Because the text is represented as numbers, the search engine can simply measure the “distance” (often using Cosine Similarity) between the search query’s vector and the document vectors. The closer the vectors, the more relevant the result.

Pros of Semantic Search:

Understands synonyms and related concepts natively.
Captures context and user intent.
Handles typos and phrasing variations gracefully.

The Difference: Lexical vs Semantic Search

To summarize the difference: If you search for “how to make a cup of joe”:

Lexical Search will look specifically for the words “how”, “make”, “cup”, and “joe”. If a document says “the best way to brew coffee”, lexical search will miss it entirely because there’s no word overlap.
Semantic Search understands that “a cup of joe” means “coffee”, and building/brewing share the same intent. It will successfully retrieve the document about brewing coffee.

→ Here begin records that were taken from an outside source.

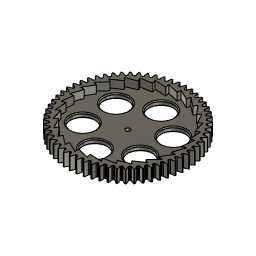
SpringBarrel v2 (Autodesk Fusion 360 design; units mm, degrees)
Autodesk Fusion 360 part; units mm, degrees
sketch "bottom" plane through (0, 0, 0) normal (0, 0, 1) x (1, 0, 0)
  circle A0 centre (0, 0) radius 2.25
  circle A1 centre (0, 0) radius 51
  circle A2 centre (0, 0) radius 55
  line L0 (0, 51) -> (0, 55)
  line L1 (0, 55) -> (10.601, 49.8861)
  line L2 (-11.4351, 53.7981) -> (-0.0026, 51)
  line L3 (-10.6035, 49.8855) -> (-11.4351, 53.7981)
  line L4 (-22.3705, 50.245) -> (-10.606, 49.885)
  line L5 (-20.7436, 46.5908) -> (-22.3705, 50.245)
  line L6 (-32.3282, 44.4959) -> (-20.7459, 46.5898)
  line L7 (-29.977, 41.2599) -> (-32.3282, 44.4959)
  line L8 (-40.873, 36.8022) -> (-29.9791, 41.2583)
  line L9 (-37.9004, 34.1257) -> (-40.873, 36.8022)
  line L10 (-47.6314, 27.5) -> (-37.9021, 34.1237)
  line L11 (-44.1673, 25.5) -> (-47.6314, 27.5)
  line L12 (-52.3081, 16.9959) -> (-44.1686, 25.4978)
  line L13 (-48.5039, 15.7599) -> (-52.3081, 16.9959)
  line L14 (-54.6987, 5.7491) -> (-48.5047, 15.7574)
  line L15 (-50.7206, 5.331) -> (-54.6987, 5.7491)
  line L16 (-54.6987, -5.7491) -> (-50.7209, 5.3284)
  line L17 (-50.7206, -5.331) -> (-54.6987, -5.7491)
  line L18 (-52.3081, -16.9959) -> (-50.7203, -5.3335)
  line L19 (-48.5039, -15.7599) -> (-52.3081, -16.9959)
  line L20 (-47.6314, -27.5) -> (-48.5031, -15.7623)
  line L21 (-44.1673, -25.5) -> (-47.6314, -27.5)
  line L22 (-40.873, -36.8022) -> (-44.166, -25.5022)
  line L23 (-37.9004, -34.1257) -> (-40.873, -36.8022)
  line L24 (-32.3282, -44.4959) -> (-37.8987, -34.1276)
  line L25 (-29.977, -41.2599) -> (-32.3282, -44.4959)
  line L26 (-22.3705, -50.245) -> (-29.975, -41.2614)
  line L27 (-20.7436, -46.5908) -> (-22.3705, -50.245)
  line L28 (-11.4351, -53.7981) -> (-20.7412, -46.5919)
  line L29 (-10.6035, -49.8855) -> (-11.4351, -53.7981)
  line L30 (0, -55) -> (-10.601, -49.8861)
  line L31 (0, -51) -> (0, -55)
  line L32 (11.4351, -53.7981) -> (0.0026, -51)
  line L33 (10.6035, -49.8855) -> (11.4351, -53.7981)
  line L34 (22.3705, -50.245) -> (10.606, -49.885)
  line L35 (20.7436, -46.5908) -> (22.3705, -50.245)
  line L36 (32.3282, -44.4959) -> (20.7459, -46.5898)
  line L37 (29.977, -41.2599) -> (32.3282, -44.4959)
  line L38 (40.873, -36.8022) -> (29.9791, -41.2583)
  line L39 (37.9004, -34.1257) -> (40.873, -36.8022)
  line L40 (47.6314, -27.5) -> (37.9021, -34.1237)
  line L41 (44.1673, -25.5) -> (47.6314, -27.5)
  line L42 (52.3081, -16.9959) -> (44.1686, -25.4978)
  line L43 (48.5039, -15.7599) -> (52.3081, -16.9959)
  line L44 (54.6987, -5.7491) -> (48.5047, -15.7574)
  line L45 (50.7206, -5.331) -> (54.6987, -5.7491)
  line L46 (54.6987, 5.7491) -> (50.7209, -5.3284)
  line L47 (50.7206, 5.331) -> (54.6987, 5.7491)
  line L48 (52.3081, 16.9959) -> (50.7203, 5.3335)
  line L49 (48.5039, 15.7599) -> (52.3081, 16.9959)
  line L50 (47.6314, 27.5) -> (48.5031, 15.7623)
  line L51 (44.1673, 25.5) -> (47.6314, 27.5)
  line L52 (40.873, 36.8022) -> (44.166, 25.5022)
  line L53 (37.9004, 34.1257) -> (40.873, 36.8022)
  line L54 (32.3282, 44.4959) -> (37.8987, 34.1276)
  line L55 (29.977, 41.2599) -> (32.3282, 44.4959)
  line L56 (22.3705, 50.245) -> (29.975, 41.2614)
  line L57 (20.7436, 46.5908) -> (22.3705, 50.245)
  line L58 (11.4351, 53.7981) -> (20.7412, 46.5919)
  line L59 (10.6035, 49.8855) -> (11.4351, 53.7981)
  circle A3 centre (0, 0) radius 62
  circle A4 centre (0, 0) radius 57.5
  line L60 (-0.0026, 51) -> (-0.0026, 34.375) construction
  circle A5 centre (-0.0026, 34.375) radius 12.625
  circle A6 centre (-29.7709, 17.1853) radius 12.625
  circle A7 centre (-29.7683, -17.1897) radius 12.625
  circle A8 centre (0.0026, -34.375) radius 12.625
  circle A9 centre (29.7709, -17.1853) radius 12.625
  circle A10 centre (29.7683, 17.1897) radius 12.625
  line L61 (-1.7477, 61.9761) -> (-1.1479, 61.9901)
  line L62 (-4.0405, 57.3579) -> (1.358, 57.484) construction
  line L63 (-1.4478, 61.9831) -> (0, 0) construction
  arc A11 (-1.7923, 61.9434) -> (-3.2899, 57.883) centre (15.5472, 53.2416) ccw
  arc A12 (-3.9851, 57.3617) -> (-3.2899, 57.883) centre (-4.0405, 58.1598) ccw
  arc A13 (0.5838, 57.9735) -> (-1.1018, 61.9596) centre (-18.0162, 52.4576) ccw
  arc A14 (0.5343, 58.1376) -> (1.3034, 57.4852) centre (1.3206, 58.285) ccw
  arc A15 (-1.1018, 61.9596) -> (-1.1572, 61.9892) centre (-1.1479, 61.9401) ccw
  arc A16 (-1.7383, 61.9756) -> (-1.7923, 61.9434) centre (-1.7454, 61.9261) ccw
  arc A17 (-5.4793, 57.7169) -> (-7.5723, 61.505) centre (-23.4008, 50.2871) ccw
  arc A18 (-9.9592, 56.631) -> (-9.3223, 57.222) centre (-10.0977, 57.4189) ccw
  arc A19 (-8.2573, 61.4168) -> (-9.3223, 57.222) centre (9.8968, 54.5751) ccw
  arc A20 (-8.207, 61.4544) -> (-8.2573, 61.4168) centre (-8.2089, 61.4044) ccw
  line L64 (-8.2164, 61.4539) -> (-7.6213, 61.5305)
  arc A21 (-7.5723, 61.505) -> (-7.6305, 61.5287) centre (-7.6161, 61.4808) ccw
  arc A22 (-5.5457, 57.875) -> (-4.7125, 57.3066) centre (-4.7791, 58.1038) ccw
  arc A23 (-11.4824, 56.828) -> (-13.9599, 60.3765) centre (-28.529, 47.5655) ccw
  arc A24 (-15.8241, 55.2797) -> (-15.2526, 55.9341) centre (-16.0443, 56.0488) ccw
  arc A25 (-14.6319, 60.2172) -> (-15.2526, 55.9341) centre (4.1379, 55.3106) ccw
  arc A26 (-14.5858, 60.2599) -> (-14.6319, 60.2172) centre (-14.5824, 60.21) ccw
  line L65 (-14.5951, 60.2584) -> (-14.0113, 60.3968)
  arc A27 (-13.9599, 60.3765) -> (-14.0202, 60.394) centre (-14.0009, 60.3479) ccw
  arc A28 (-11.5649, 56.9782) -> (-10.6769, 56.5) centre (-10.8264, 57.2859) ccw
  arc A29 (-17.3596, 55.3164) -> (-20.1945, 58.5866) centre (-33.3447, 44.3229) ccw
  arc A30 (-21.5158, 53.3228) -> (-21.0157, 54.0333) centre (-21.8151, 54.0647) ccw
  arc A31 (-20.8461, 58.3579) -> (-21.0157, 54.0333) centre (-1.6663, 55.4401) ccw
  arc A32 (-20.8047, 58.4052) -> (-20.8461, 58.3579) centre (-20.7962, 58.3559) ccw
  line L66 (-20.8138, 58.4027) -> (-20.2477, 58.6014)
  arc A33 (-20.1945, 58.5866) -> (-20.2563, 58.5976) centre (-20.2322, 58.5538) ccw
  arc A34 (-17.4574, 55.4573) -> (-16.5243, 55.0745) centre (-16.7551, 55.8405) ccw
  arc A35 (-23.0466, 53.1988) -> (-26.2078, 56.1547) centre (-37.795, 40.5946) ccw
  arc A36 (-26.9716, 50.7817) -> (-26.5486, 51.5406) centre (-27.3469, 51.4882) ccw
  arc A37 (-26.832, 55.8592) -> (-26.5486, 51.5406) centre (-7.4522, 54.9623) ccw
  arc A38 (-26.7958, 55.9105) -> (-26.832, 55.8592) centre (-26.7821, 55.8624) ccw
  line L67 (-26.8046, 55.9071) -> (-26.2623, 56.1639)
  arc A39 (-26.2078, 56.1547) -> (-26.2705, 56.1593) centre (-26.2419, 56.1182) ccw
  arc A40 (-23.1586, 53.3287) -> (-22.1906, 53.0455) centre (-22.5002, 53.7832) ccw
  arc A41 (-28.4812, 50.4984) -> (-31.934, 53.1076) centre (-41.8313, 36.4216) ccw
  arc A42 (-32.132, 47.6842) -> (-31.7906, 48.4832) centre (-32.5791, 48.3476) ccw
  arc A43 (-32.5239, 52.7484) -> (-31.7906, 48.4832) centre (-13.1565, 53.8822) ccw
  arc A44 (-32.4932, 52.8033) -> (-32.5239, 52.7484) centre (-32.4746, 52.7569) ccw
  line L68 (-32.5016, 52.799) -> (-31.9891, 53.1111)
  arc A45 (-31.934, 53.1076) -> (-31.9968, 53.1056) centre (-31.9641, 53.0677) ccw
  arc A46 (-28.6061, 50.6158) -> (-27.6138, 50.4354) centre (-27.9989, 51.1366) ccw
  arc A47 (-33.6037, 47.2446) -> (-37.3103, 49.4787) centre (-45.4092, 31.8495) ccw
  arc A48 (-36.9404, 44.0643) -> (-36.6844, 44.8945) centre (-37.4543, 44.6773) ccw
  arc A49 (-37.8594, 49.0598) -> (-36.6844, 44.8945) centre (-18.7166, 52.2118) ccw
  arc A50 (-37.8347, 49.1176) -> (-37.8594, 49.0598) centre (-37.8113, 49.0734) ccw
  line L69 (-37.8426, 49.1124) -> (-37.3655, 49.4763)
  arc A51 (-37.3103, 49.4787) -> (-37.3726, 49.4701) centre (-37.3361, 49.4359) ccw
  arc A52 (-33.7402, 47.3484) -> (-32.7345, 47.2727) centre (-33.1907, 47.9298) ccw
  arc A53 (-38.358, 43.4733) -> (-42.2779, 45.3077) centre (-48.4896, 26.9285) ccw
  arc A54 (-41.344, 39.9616) -> (-41.1762, 40.8141) centre (-41.9192, 40.5175) ccw
  arc A55 (-42.7802, 44.8337) -> (-41.1762, 40.8141) centre (-24.0717, 49.9694) ccw
  arc A56 (-42.7616, 44.8937) -> (-42.7802, 44.8337) centre (-42.7337, 44.8522) ccw
  line L70 (-42.7689, 44.8878) -> (-42.3325, 45.2995)
  arc A57 (-42.2779, 45.3077) -> (-42.3389, 45.2926) centre (-42.299, 45.2624) ccw
  arc A58 (-38.5046, 43.5622) -> (-37.4965, 43.592) centre (-38.0189, 44.1979) ccw
  arc A59 (-42.6921, 39.2256) -> (-46.7822, 40.6402) centre (-51.0388, 21.7124) ccw
  arc A60 (-45.2946, 35.421) -> (-45.2168, 36.2864) centre (-45.9248, 35.9138) ccw
  arc A61 (-47.2322, 40.1163) -> (-45.2168, 36.2864) centre (-29.1631, 47.1794) ccw
  arc A62 (-47.22, 40.178) -> (-47.2322, 40.1163) centre (-47.188, 40.1396) ccw
  line L71 (-47.2267, 40.1713) -> (-46.8357, 40.6264)
  arc A63 (-46.7822, 40.6402) -> (-46.8413, 40.6189) centre (-46.7985, 40.593) ccw
  arc A64 (-42.8471, 39.2987) -> (-41.8477, 39.4338) centre (-42.4306, 39.9817) ccw
  arc A65 (-46.5584, 34.5482) -> (-50.774, 35.5275) centre (-53.0287, 16.2585) ccw
  arc A66 (-48.749, 30.4924) -> (-48.7621, 31.3612) centre (-49.4272, 30.9167) ccw
  arc A67 (-51.1668, 34.9594) -> (-48.7621, 31.3612) centre (-33.9349, 43.8726) ccw
  arc A68 (-51.1611, 35.022) -> (-51.1668, 34.9594) centre (-51.1252, 34.9872) ccw
  line L72 (-51.167, 35.0147) -> (-50.8257, 35.5082)
  arc A69 (-50.774, 35.5275) -> (-50.8305, 35.5001) centre (-50.7853, 35.4788) ccw
  arc A70 (-46.7203, 34.6047) -> (-45.7404, 34.8435) centre (-46.3774, 35.3275) ccw
  arc A71 (-49.9146, 29.4923) -> (-54.2095, 30.0256) centre (-54.4377, 10.6264) ccw
  arc A72 (-51.6693, 25.2297) -> (-51.7731, 26.0923) centre (-52.3881, 25.5807) ccw
  arc A73 (-54.5407, 29.4195) -> (-51.7731, 26.0923) centre (-38.335, 40.0851) ccw
  arc A74 (-54.5416, 29.4824) -> (-54.5407, 29.4195) centre (-54.5023, 29.4515) ccw
  line L73 (-54.5467, 29.4745) -> (-54.2589, 30.001)
  arc A75 (-54.2095, 30.0256) -> (-54.2628, 29.9924) centre (-54.2156, 29.976) ccw
  arc A76 (-50.0815, 29.5315) -> (-49.1319, 29.8714) centre (-49.816, 30.2862) ccw
  arc A77 (-52.724, 24.1132) -> (-57.051, 24.1947) centre (-55.2503, 4.8779) ccw
  arc A78 (-54.0234, 19.6906) -> (-54.2169, 20.5376) centre (-54.7751, 19.9646) ccw
  arc A79 (-57.3171, 23.5573) -> (-54.2169, 20.5376) centre (-42.315, 35.8584) ccw
  arc A80 (-57.3246, 23.6197) -> (-57.3171, 23.5573) centre (-57.2822, 23.5931) ccw
  line L74 (-57.3288, 23.6113) -> (-57.0977, 24.165)
  arc A81 (-57.051, 24.1947) -> (-57.1006, 24.1561) centre (-57.052, 24.1447) ccw
  arc A82 (-52.894, 24.1348) -> (-51.9852, 24.5721) centre (-52.7089, 24.9131) ccw
  arc A83 (-54.9556, 18.47) -> (-59.2675, 18.0987) centre (-55.4575, -0.9241) ccw
  arc A84 (-55.7857, 13.9357) -> (-56.0666, 14.7579) centre (-56.5619, 14.1296) ccw
  arc A85 (-59.4656, 17.437) -> (-56.0666, 14.7579) centre (-45.8314, 31.2389) ccw
  arc A86 (-59.4795, 17.4983) -> (-59.4656, 17.437) centre (-59.4346, 17.4763) ccw
  line L75 (-59.4828, 17.4895) -> (-59.3108, 18.0643)
  arc A87 (-59.2675, 18.0987) -> (-59.3128, 18.0551) centre (-59.2632, 18.0488) ccw
  arc A88 (-55.127, 18.4737) -> (-54.2689, 19.0036) centre (-55.0243, 19.267) ccw
  arc A89 (-56.5852, 12.6244) -> (-60.8347, 11.8044) centre (-55.0571, -6.7159) ccw
  arc A90 (-56.9368, 8.0282) -> (-57.3021, 8.8165) centre (-57.729, 8.1399) ccw
  arc A91 (-60.9625, 11.1256) -> (-57.3021, 8.8165) centre (-48.8457, 26.277) ccw
  arc A92 (-60.9827, 11.1851) -> (-60.9625, 11.1256) centre (-60.9358, 11.1679) ccw
  line L76 (-60.9851, 11.176) -> (-60.8741, 11.7657)
  arc A93 (-60.8347, 11.8044) -> (-60.8752, 11.7563) centre (-60.8252, 11.7553) ccw
  arc A94 (-56.7561, 12.6101) -> (-55.958, 13.2268) centre (-56.7368, 13.4099) ccw
  arc A95 (-57.5949, 6.6404) -> (-61.7353, 5.3807) centre (-54.0535, -12.4341) ccw
  arc A96 (-57.4641, 2.0327) -> (-57.9098, 2.7785) centre (-58.2636, 2.061) ccw
  arc A97 (-61.7914, 4.6924) -> (-57.9098, 2.7785) centre (-51.3248, 21.0273) ccw
  arc A98 (-61.8178, 4.7494) -> (-61.7914, 4.6924) centre (-61.7693, 4.7372) ccw
  line L77 (-61.8193, 4.7401) -> (-61.7705, 5.3381)
  arc A99 (-61.7353, 5.3807) -> (-61.7706, 5.3287) centre (-61.7208, 5.3329) ccw
  arc A100 (-57.7633, 6.6084) -> (-57.0341, 7.3051) centre (-57.8277, 7.4058) ccw
  arc A101 (-57.9735, 0.5838) -> (-61.9596, -1.1018) centre (-52.4576, -18.0162) ccw
  arc A102 (-57.3617, -3.9851) -> (-57.883, -3.2899) centre (-58.1598, -4.0405) ccw
  arc A103 (-61.9434, -1.7923) -> (-57.883, -3.2899) centre (-53.2416, 15.5472) ccw
  arc A104 (-61.9756, -1.7383) -> (-61.9434, -1.7923) centre (-61.9261, -1.7454) ccw
  line L78 (-61.9761, -1.7477) -> (-61.9901, -1.1479)
  arc A105 (-61.9596, -1.1018) -> (-61.9892, -1.1572) centre (-61.9401, -1.1479) ccw
  arc A106 (-58.1376, 0.5343) -> (-57.4852, 1.3034) centre (-58.285, 1.3206) ccw
  arc A107 (-57.7169, -5.4793) -> (-61.505, -7.5723) centre (-50.2871, -23.4008) ccw
  arc A108 (-56.631, -9.9592) -> (-57.222, -9.3223) centre (-57.4189, -10.0977) ccw
  arc A109 (-61.4168, -8.2573) -> (-57.222, -9.3223) centre (-54.5751, 9.8968) ccw
  arc A110 (-61.4544, -8.207) -> (-61.4168, -8.2573) centre (-61.4044, -8.2089) ccw
  line L79 (-61.4539, -8.2164) -> (-61.5305, -7.6213)
  arc A111 (-61.505, -7.5723) -> (-61.5287, -7.6305) centre (-61.4808, -7.6161) ccw
  arc A112 (-57.875, -5.5457) -> (-57.3066, -4.7125) centre (-58.1038, -4.7791) ccw
  arc A113 (-56.828, -11.4824) -> (-60.3765, -13.9599) centre (-47.5655, -28.529) ccw
  arc A114 (-55.2797, -15.8241) -> (-55.9341, -15.2526) centre (-56.0488, -16.0443) ccw
  arc A115 (-60.2172, -14.6319) -> (-55.9341, -15.2526) centre (-55.3106, 4.1379) ccw
  arc A116 (-60.2599, -14.5858) -> (-60.2172, -14.6319) centre (-60.21, -14.5824) ccw
  line L80 (-60.2584, -14.5951) -> (-60.3968, -14.0113)
  arc A117 (-60.3765, -13.9599) -> (-60.394, -14.0202) centre (-60.3479, -14.0009) ccw
  arc A118 (-56.9782, -11.5649) -> (-56.5, -10.6769) centre (-57.2859, -10.8264) ccw
  arc A119 (-55.3164, -17.3596) -> (-58.5866, -20.1945) centre (-44.3229, -33.3447) ccw
  arc A120 (-53.3228, -21.5158) -> (-54.0333, -21.0157) centre (-54.0647, -21.8151) ccw
  arc A121 (-58.3579, -20.8461) -> (-54.0333, -21.0157) centre (-55.4401, -1.6663) ccw
  arc A122 (-58.4052, -20.8047) -> (-58.3579, -20.8461) centre (-58.3559, -20.7962) ccw
  line L81 (-58.4027, -20.8138) -> (-58.6014, -20.2477)
  arc A123 (-58.5866, -20.1945) -> (-58.5976, -20.2563) centre (-58.5538, -20.2322) ccw
  arc A124 (-55.4573, -17.4574) -> (-55.0745, -16.5243) centre (-55.8405, -16.7551) ccw
  arc A125 (-53.1988, -23.0466) -> (-56.1547, -26.2078) centre (-40.5946, -37.795) ccw
  arc A126 (-50.7817, -26.9716) -> (-51.5406, -26.5486) centre (-51.4882, -27.3469) ccw
  arc A127 (-55.8592, -26.832) -> (-51.5406, -26.5486) centre (-54.9623, -7.4522) ccw
  arc A128 (-55.9105, -26.7958) -> (-55.8592, -26.832) centre (-55.8624, -26.7821) ccw
  line L82 (-55.9071, -26.8046) -> (-56.1639, -26.2623)
  arc A129 (-56.1547, -26.2078) -> (-56.1593, -26.2705) centre (-56.1182, -26.2419) ccw
  arc A130 (-53.3287, -23.1586) -> (-53.0455, -22.1906) centre (-53.7832, -22.5002) ccw
  arc A131 (-50.4984, -28.4812) -> (-53.1076, -31.934) centre (-36.4216, -41.8313) ccw
  arc A132 (-47.6842, -32.132) -> (-48.4832, -31.7906) centre (-48.3476, -32.5791) ccw
  arc A133 (-52.7484, -32.5239) -> (-48.4832, -31.7906) centre (-53.8822, -13.1565) ccw
  arc A134 (-52.8033, -32.4932) -> (-52.7484, -32.5239) centre (-52.7569, -32.4746) ccw
  line L83 (-52.799, -32.5016) -> (-53.1111, -31.9891)
  arc A135 (-53.1076, -31.934) -> (-53.1056, -31.9968) centre (-53.0677, -31.9641) ccw
  arc A136 (-50.6158, -28.6061) -> (-50.4354, -27.6138) centre (-51.1366, -27.9989) ccw
  arc A137 (-47.2446, -33.6037) -> (-49.4787, -37.3103) centre (-31.8495, -45.4092) ccw
  arc A138 (-44.0643, -36.9404) -> (-44.8945, -36.6844) centre (-44.6773, -37.4543) ccw
  arc A139 (-49.0598, -37.8594) -> (-44.8945, -36.6844) centre (-52.2118, -18.7166) ccw
  arc A140 (-49.1176, -37.8347) -> (-49.0598, -37.8594) centre (-49.0734, -37.8113) ccw
  line L84 (-49.1124, -37.8426) -> (-49.4763, -37.3655)
  arc A141 (-49.4787, -37.3103) -> (-49.4701, -37.3726) centre (-49.4359, -37.3361) ccw
  arc A142 (-47.3484, -33.7402) -> (-47.2727, -32.7345) centre (-47.9298, -33.1907) ccw
  arc A143 (-43.4733, -38.358) -> (-45.3077, -42.2779) centre (-26.9285, -48.4896) ccw
  arc A144 (-39.9616, -41.344) -> (-40.8141, -41.1762) centre (-40.5175, -41.9192) ccw
  arc A145 (-44.8337, -42.7802) -> (-40.8141, -41.1762) centre (-49.9694, -24.0717) ccw
  arc A146 (-44.8937, -42.7616) -> (-44.8337, -42.7802) centre (-44.8522, -42.7337) ccw
  line L85 (-44.8878, -42.7689) -> (-45.2995, -42.3325)
  arc A147 (-45.3077, -42.2779) -> (-45.2926, -42.3389) centre (-45.2624, -42.299) ccw
  arc A148 (-43.5622, -38.5046) -> (-43.592, -37.4965) centre (-44.1979, -38.0189) ccw
  arc A149 (-39.2256, -42.6921) -> (-40.6402, -46.7822) centre (-21.7124, -51.0388) ccw
  arc A150 (-35.421, -45.2946) -> (-36.2864, -45.2168) centre (-35.9138, -45.9248) ccw
  arc A151 (-40.1163, -47.2322) -> (-36.2864, -45.2168) centre (-47.1794, -29.1631) ccw
  arc A152 (-40.178, -47.22) -> (-40.1163, -47.2322) centre (-40.1396, -47.188) ccw
  line L86 (-40.1713, -47.2267) -> (-40.6264, -46.8357)
  arc A153 (-40.6402, -46.7822) -> (-40.6189, -46.8413) centre (-40.593, -46.7985) ccw
  arc A154 (-39.2987, -42.8471) -> (-39.4338, -41.8477) centre (-39.9817, -42.4306) ccw
  arc A155 (-34.5482, -46.5584) -> (-35.5275, -50.774) centre (-16.2585, -53.0287) ccw
  arc A156 (-30.4924, -48.749) -> (-31.3612, -48.7621) centre (-30.9167, -49.4272) ccw
  arc A157 (-34.9594, -51.1668) -> (-31.3612, -48.7621) centre (-43.8726, -33.9349) ccw
  arc A158 (-35.022, -51.1611) -> (-34.9594, -51.1668) centre (-34.9872, -51.1252) ccw
  line L87 (-35.0147, -51.167) -> (-35.5082, -50.8257)
  arc A159 (-35.5275, -50.774) -> (-35.5001, -50.8305) centre (-35.4788, -50.7853) ccw
  arc A160 (-34.6047, -46.7203) -> (-34.8435, -45.7404) centre (-35.3275, -46.3774) ccw
  arc A161 (-29.4923, -49.9146) -> (-30.0256, -54.2095) centre (-10.6264, -54.4377) ccw
  arc A162 (-25.2297, -51.6693) -> (-26.0923, -51.7731) centre (-25.5807, -52.3881) ccw
  arc A163 (-29.4195, -54.5407) -> (-26.0923, -51.7731) centre (-40.0851, -38.335) ccw
  arc A164 (-29.4824, -54.5416) -> (-29.4195, -54.5407) centre (-29.4515, -54.5023) ccw
  line L88 (-29.4745, -54.5467) -> (-30.001, -54.2589)
  arc A165 (-30.0256, -54.2095) -> (-29.9924, -54.2628) centre (-29.976, -54.2156) ccw
  arc A166 (-29.5315, -50.0815) -> (-29.8714, -49.1319) centre (-30.2862, -49.816) ccw
  arc A167 (-24.1132, -52.724) -> (-24.1947, -57.051) centre (-4.8779, -55.2503) ccw
  arc A168 (-19.6906, -54.0234) -> (-20.5376, -54.2169) centre (-19.9646, -54.7751) ccw
  arc A169 (-23.5573, -57.3171) -> (-20.5376, -54.2169) centre (-35.8584, -42.315) ccw
  arc A170 (-23.6197, -57.3246) -> (-23.5573, -57.3171) centre (-23.5931, -57.2822) ccw
  line L89 (-23.6113, -57.3288) -> (-24.165, -57.0977)
  arc A171 (-24.1947, -57.051) -> (-24.1561, -57.1006) centre (-24.1447, -57.052) ccw
  arc A172 (-24.1348, -52.894) -> (-24.5721, -51.9852) centre (-24.9131, -52.7089) ccw
  arc A173 (-18.47, -54.9556) -> (-18.0987, -59.2675) centre (0.9241, -55.4575) ccw
  arc A174 (-13.9357, -55.7857) -> (-14.7579, -56.0666) centre (-14.1296, -56.5619) ccw
  arc A175 (-17.437, -59.4656) -> (-14.7579, -56.0666) centre (-31.2389, -45.8314) ccw
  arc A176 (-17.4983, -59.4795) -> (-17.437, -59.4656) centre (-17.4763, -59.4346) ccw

How to Code a Semantic Search Engine

Building a semantic search engine used to require a massive engineering team. Today, thanks to open-source models, you can build a basic version in just a few lines of Python code!

We will use the popular sentence-transformers library from Hugging Face.

1. Install Dependencies

First, you’ll need to install the required library:

pip install sentence-transformers

2. The Code

In this example, we will:

Load a pre-trained embedding model (all-MiniLM-L6-v2, which is small, fast, and great for general text).
Generate embeddings for a small database of sentences.
Compare a user’s search query against the database using cosine similarity.

from sentence_transformers import SentenceTransformer, util

# 1. Load a pre-trained model for generating embeddings
# 'all-MiniLM-L6-v2' is an excellent, lightweight model for sentence embeddings
model = SentenceTransformer('all-MiniLM-L6-v2')

# 2. Our database of documents
documents = [
    "A dog is chasing a ball in the park.",
    "The new smartphone has a great camera and battery life.",
    "Cats are known to be very independent pets.",
    "I love drinking black coffee in the morning."
]

# Generate embeddings for all documents
# This transforms our text into mathematical vectors
doc_embeddings = model.encode(documents)

# 3. The user's search query
# Notice how the query doesn't share exact words with the target document
query = "What is a good pet to have?"

# Generate the embedding for the search query
query_embedding = model.encode(query)

# 4. Perform the semantic search!
# Calculate the cosine similarity between the query and all documents
# We will return the top 2 closest matches
hits = util.semantic_search(query_embedding, doc_embeddings, top_k=2)

print(f"Query: '{query}'\n")
print("Top Search Results:")

# hits[0] contains the results for our first (and only) query
for hit in hits[0]:
    doc_id = hit['corpus_id']
    score = hit['score']
    print(f"- {documents[doc_id]} (Similarity Score: {score:.4f})")

The Output

If you run the script, you’ll get an output similar to this:

Query: 'What is a good pet to have?'

Top Search Results:
- Cats are known to be very independent pets. (Similarity Score: 0.6123)
- A dog is chasing a ball in the park. (Similarity Score: 0.4589)

Notice how the model correctly identified the sentences about “cats” and “dogs” as the most relevant matches to a query about “pets”, even though the word “pet” is only explicitly mentioned in one document, and wasn’t matched based on keyword lookup alone.

Conclusion

Semantic search and embeddings are transforming the way we build search experiences, recommendation engines, and even LLM architectures (like Retrieval-Augmented Generation, or RAG). While lexical search still has its place for specific use cases, combining both (often called Hybrid Search) is the modern gold standard for building powerful AI applications.